The diagnostic and care pathways
3.5 NICE clinical guideline 121 (Lung cancer: the diagnosis and treatment of lung cancer) recommends that patients with suspected lung cancer should be urgently referred for a chest X‑ray. If the results suggest lung cancer, a contrast-enhanced CT scan of the chest, upper abdomen and lower neck is performed. Further investigations to confirm a diagnosis and to provide information on the stage of the disease are then carried out. These investigations generally include a biopsy for histological confirmation and subtyping, but may also include positron emission tomography-computed tomography, endobronchial ultrasound-guided transbronchial needle aspiration, endoscopic ultrasound-guided fine needle aspiration or non-ultrasound-guided transbronchial needle aspiration.
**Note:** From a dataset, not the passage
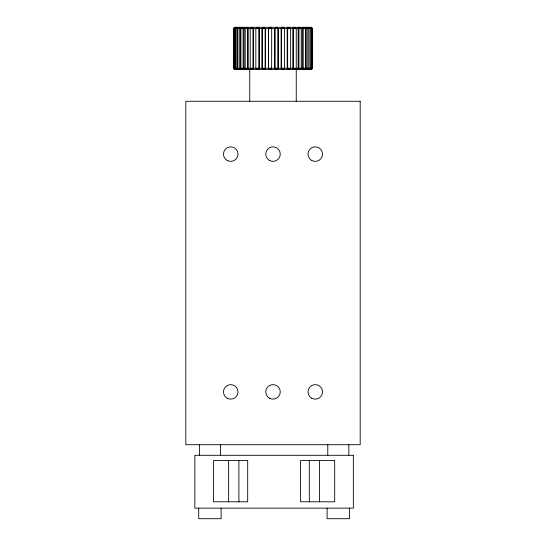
<?xml version="1.0" encoding="UTF-8"?>
<svg xmlns="http://www.w3.org/2000/svg" width="546" height="546" viewBox="0 0 546 546"><rect width="100%" height="100%" fill="white"/><g stroke="black" fill="none" stroke-linecap="round" stroke-linejoin="round"><path stroke-width="0.82" d="M244.042 27.3L244.042 69.574M298.928 27.3L298.928 69.574M302.279 69.574L302.279 27.3M247.468 69.574L247.468 27.3M298.136 27.3L298.136 69.574M243.12 27.3L243.12 69.574M248.239 69.574L248.239 27.3M303.207 69.574L303.207 27.3M240.629 27.3L240.226 28.624L240.226 68.25L240.629 69.574M293.939 27.3L293.523 28.624L293.523 68.25L293.939 69.574M305.617 69.574L306.04 68.25L306.04 28.624L305.617 27.3M252.505 69.574L252.948 68.25L252.948 28.624L252.505 27.3M293.311 27.3L292.833 28.624L292.833 68.25L293.311 69.574M239.592 27.3L239.1 28.624L239.1 68.25L239.592 69.574M253.119 69.574L253.617 68.25L253.617 28.624L253.119 27.3M306.661 69.574L307.18 68.25L307.18 28.624L306.661 27.3M238.097 69.574L237.408 68.25L237.408 28.624L238.097 27.3M308.074 69.574L308.783 68.25L308.722 28.624L308.074 27.3M258.108 69.574L258.852 68.25L258.852 28.624L258.108 27.3M287.926 27.3L287.169 28.624L287.169 68.25L287.926 69.574M258.538 69.574L259.323 68.25L259.323 28.624L258.538 27.3M236.971 27.3L236.179 28.624L236.179 68.25L236.971 69.574M309.2 69.574L310.019 68.25L310.019 28.624L309.2 27.3M236.52 27.3L235.565 28.624L235.565 68.25L236.52 69.574M309.568 69.574L310.544 68.25M282.398 27.3L281.402 28.624L281.402 68.25L282.398 69.574M282.139 27.3L281.122 28.624L281.122 68.25L282.139 69.574M264.114 69.574L265.138 68.25L265.138 28.624L264.114 27.3M264.353 69.574L265.397 68.25L265.397 28.624L264.353 27.3M235.34 27.3L234.268 28.624L234.268 68.25L235.34 69.574M310.756 69.574L311.841 68.25L311.841 28.624L310.756 27.3L312.36 28.624L312.36 68.25L310.838 69.574L311.78 68.694M276.167 27.3L274.911 28.624L274.85 68.25L276.105 69.574M276.105 27.3L274.85 28.624L274.911 68.25L276.167 69.574M270.366 69.574L271.635 68.25L271.683 28.624L270.406 27.3M270.406 69.574L271.683 68.25M234.725 27.3L233.415 28.624L233.395 68.25L234.725 69.574L311.275 69.574L312.605 68.25L312.605 28.624L311.275 27.3L234.725 27.3L233.395 28.624L237.408 28.624M311.275 69.574L312.605 68.25M269.983 27.3L268.523 28.624L268.523 68.25L269.983 69.574M269.84 27.3L268.366 28.624L268.366 68.25L269.84 69.574M276.522 69.574L278.003 68.25L278.003 28.624L276.522 27.3M276.685 69.574L278.173 68.25L278.173 28.624L276.685 27.3M233.64 28.624L235.162 27.3L233.708 28.624L233.708 68.25L235.162 69.574L233.708 68.25M263.943 27.3L262.326 28.624L262.326 68.25M282.548 69.574L283.64 68.694M263.609 27.3L261.957 28.624L261.957 68.25L263.609 69.574M282.903 69.574L284.568 68.25L284.568 28.624L282.903 27.3M309.37 69.574L311.056 68.25L311.056 28.624L309.37 27.3M236.8 27.3L235.094 28.624L235.094 68.25L236.8 69.574M256.415 28.624L258.156 27.3M289.482 68.694L288.315 69.574L287.66 68.25L287.66 28.624L288.377 27.3L290.062 28.624M257.63 27.3L255.842 28.624L255.842 68.25L257.63 69.574M288.854 69.574L290.649 68.25L290.649 28.624L288.854 27.3M250.955 28.624L252.764 27.3M293.659 69.574L294.867 68.694M306.907 69.574L308.722 68.25M239.339 69.574L237.517 68.25L237.517 28.624L239.339 27.3M246.71 28.18L247.932 27.3M252.068 27.3L250.198 28.624L250.198 68.25L252.068 69.574M294.369 69.574L296.246 68.25L296.246 28.624L294.369 27.3M242.799 27.3L240.909 28.624L240.909 68.25L242.799 69.574M303.521 69.574L305.412 68.25L305.412 28.624L303.521 27.3M247.079 27.3L245.174 28.624L245.174 68.25L247.079 69.574M299.304 69.574L301.215 68.25L301.215 28.624L299.304 27.3M237.517 28.624L312.605 28.624L311.275 27.3M237.408 68.25L233.395 68.25L234.725 69.574M237.517 68.25L312.36 68.25M306.907 27.3L308.722 28.624M293.659 27.3L295.475 28.624M256.995 68.694L258.156 69.574M282.548 27.3L284.186 28.624M262.865 68.694L263.943 69.574M310.756 27.3L311.78 28.18M270.366 27.3L271.635 28.624M349.515 508.135L349.515 518.7L327.102 518.7L327.102 508.135M348.833 444.724L348.833 455.296M327.784 444.724L327.784 455.296M319.581 460.578L319.581 501.794M309.316 460.578L309.316 501.794M296.246 69.574L296.246 101.276M249.754 69.574L249.754 101.276M238.902 460.578L238.902 501.794M228.637 460.578L228.637 501.794M221.116 508.135L221.116 518.7L198.703 518.7L198.703 508.135M220.434 444.724L220.434 455.296M199.386 444.724L199.386 455.296M360.183 101.276L185.817 101.276L185.817 444.724L360.183 444.724L360.183 101.276M353.364 455.296L194.854 455.296L194.854 508.135L353.364 508.135L353.364 455.296M247.693 460.578L213.534 460.578L213.534 501.794L247.693 501.794L247.693 460.578M334.684 460.578L300.532 460.578L300.532 501.794L334.684 501.794L334.684 460.578M311.636 160.408A7.269 7.269 0 0 0 322.536 154.115A7.269 7.269 0 0 0 311.636 147.823A7.269 7.269 0 0 0 311.636 160.408M311.636 398.177A7.269 7.269 0 0 0 322.536 391.885A7.269 7.269 0 0 0 311.636 385.592A7.269 7.269 0 0 0 311.636 398.177M227.095 160.408A7.269 7.269 0 0 0 237.995 154.115A7.269 7.269 0 0 0 227.095 147.823A7.269 7.269 0 0 0 227.095 160.408M227.095 398.177A7.269 7.269 0 0 0 237.995 391.885A7.269 7.269 0 0 0 227.095 385.592A7.269 7.269 0 0 0 227.095 398.177M269.369 160.408A7.269 7.269 0 0 0 280.269 154.115A7.269 7.269 0 0 0 269.369 147.823A7.269 7.269 0 0 0 269.369 160.408M269.369 398.177A7.269 7.269 0 0 0 280.269 391.885A7.269 7.269 0 0 0 269.369 385.592A7.269 7.269 0 0 0 269.369 398.177"/></g></svg>

3.6 When biopsy is successful, DNA extraction and mutation analysis can be carried out on the biopsy tissue (which is generally stored as formalin-fixed paraffin-embedded tissue) to determine whether the tumour is EGFR‑TK mutation-positive or -negative. If biopsy tissue is not available, DNA extracted from cytology samples can be used for mutation analysis. Other molecular tests may be performed as clinically indicated.
3.7 Participants at a European multidisciplinary workshop 'EGFR testing in NSCLC: from biology to clinical practice' (2009) emphasised the importance of standardisation and validation of EGFR‑TK mutation tests and recommended that testing should only be undertaken in a quality-assured, accredited setting. However, there was no consensus on which laboratory test should be used for clinical decision-making. Participants agreed that the decision to request EGFR‑TK mutation testing should be made by the treating physician and that results should be reported within 7 working days of request. Conversely, guidelines from the Royal College of Pathologists recommend that, to minimise turnaround time, molecular diagnostic tests should be ordered by the pathologist reporting on the histology of the tumour.
3.8 Treatment options for NSCLC include gefitinib and erlotinib, which are EGFR‑TK inhibitors indicated for patients with EGFR‑TK mutation-positive tumours. NICE's technology appraisal guidance 192 (Gefitinib for the first-line treatment of locally advanced or metastatic non-small-cell lung cancer) and technology appraisal guidance 258 (Erlotinib for the first-line treatment of locally advanced or metastatic EGFR‑TK mutation-positive non-small-cell lung cancer) recommend gefitinib and erlotinib respectively as options for the first-line treatment of locally advanced or metastatic NSCLC in people whose tumour tests positive for an EGFR‑TK mutation. Other treatment options for NSCLC include chemotherapy regimens. NICE clinical guideline 121 recommends that chemotherapy should be offered to people with stage III or IV NSCLC and a good performance status (WHO 0, 1 or Karnofsky score 80–100) with the aim of improving survival, disease control and quality of life. Treatment with curative intent is not possible for these people. First-line chemotherapy should be a combination of a single third-generation drug (docetaxel, gemcitabine, paclitaxel or vinorelbine) and a platinum drug (carboplatin or cisplatin). People who are unable to tolerate a platinum combination may be offered single-agent chemotherapy with a third-generation drug. NICE technology appraisal guidance 181 (Pemetrexed for the first-line treatment of non-small-cell lung cancer) recommends pemetrexed plus cisplatin as a first-line treatment for locally advanced or metastatic NSCLC, if the histology of the tumour has been confirmed as adenocarcinoma or large-cell tumour.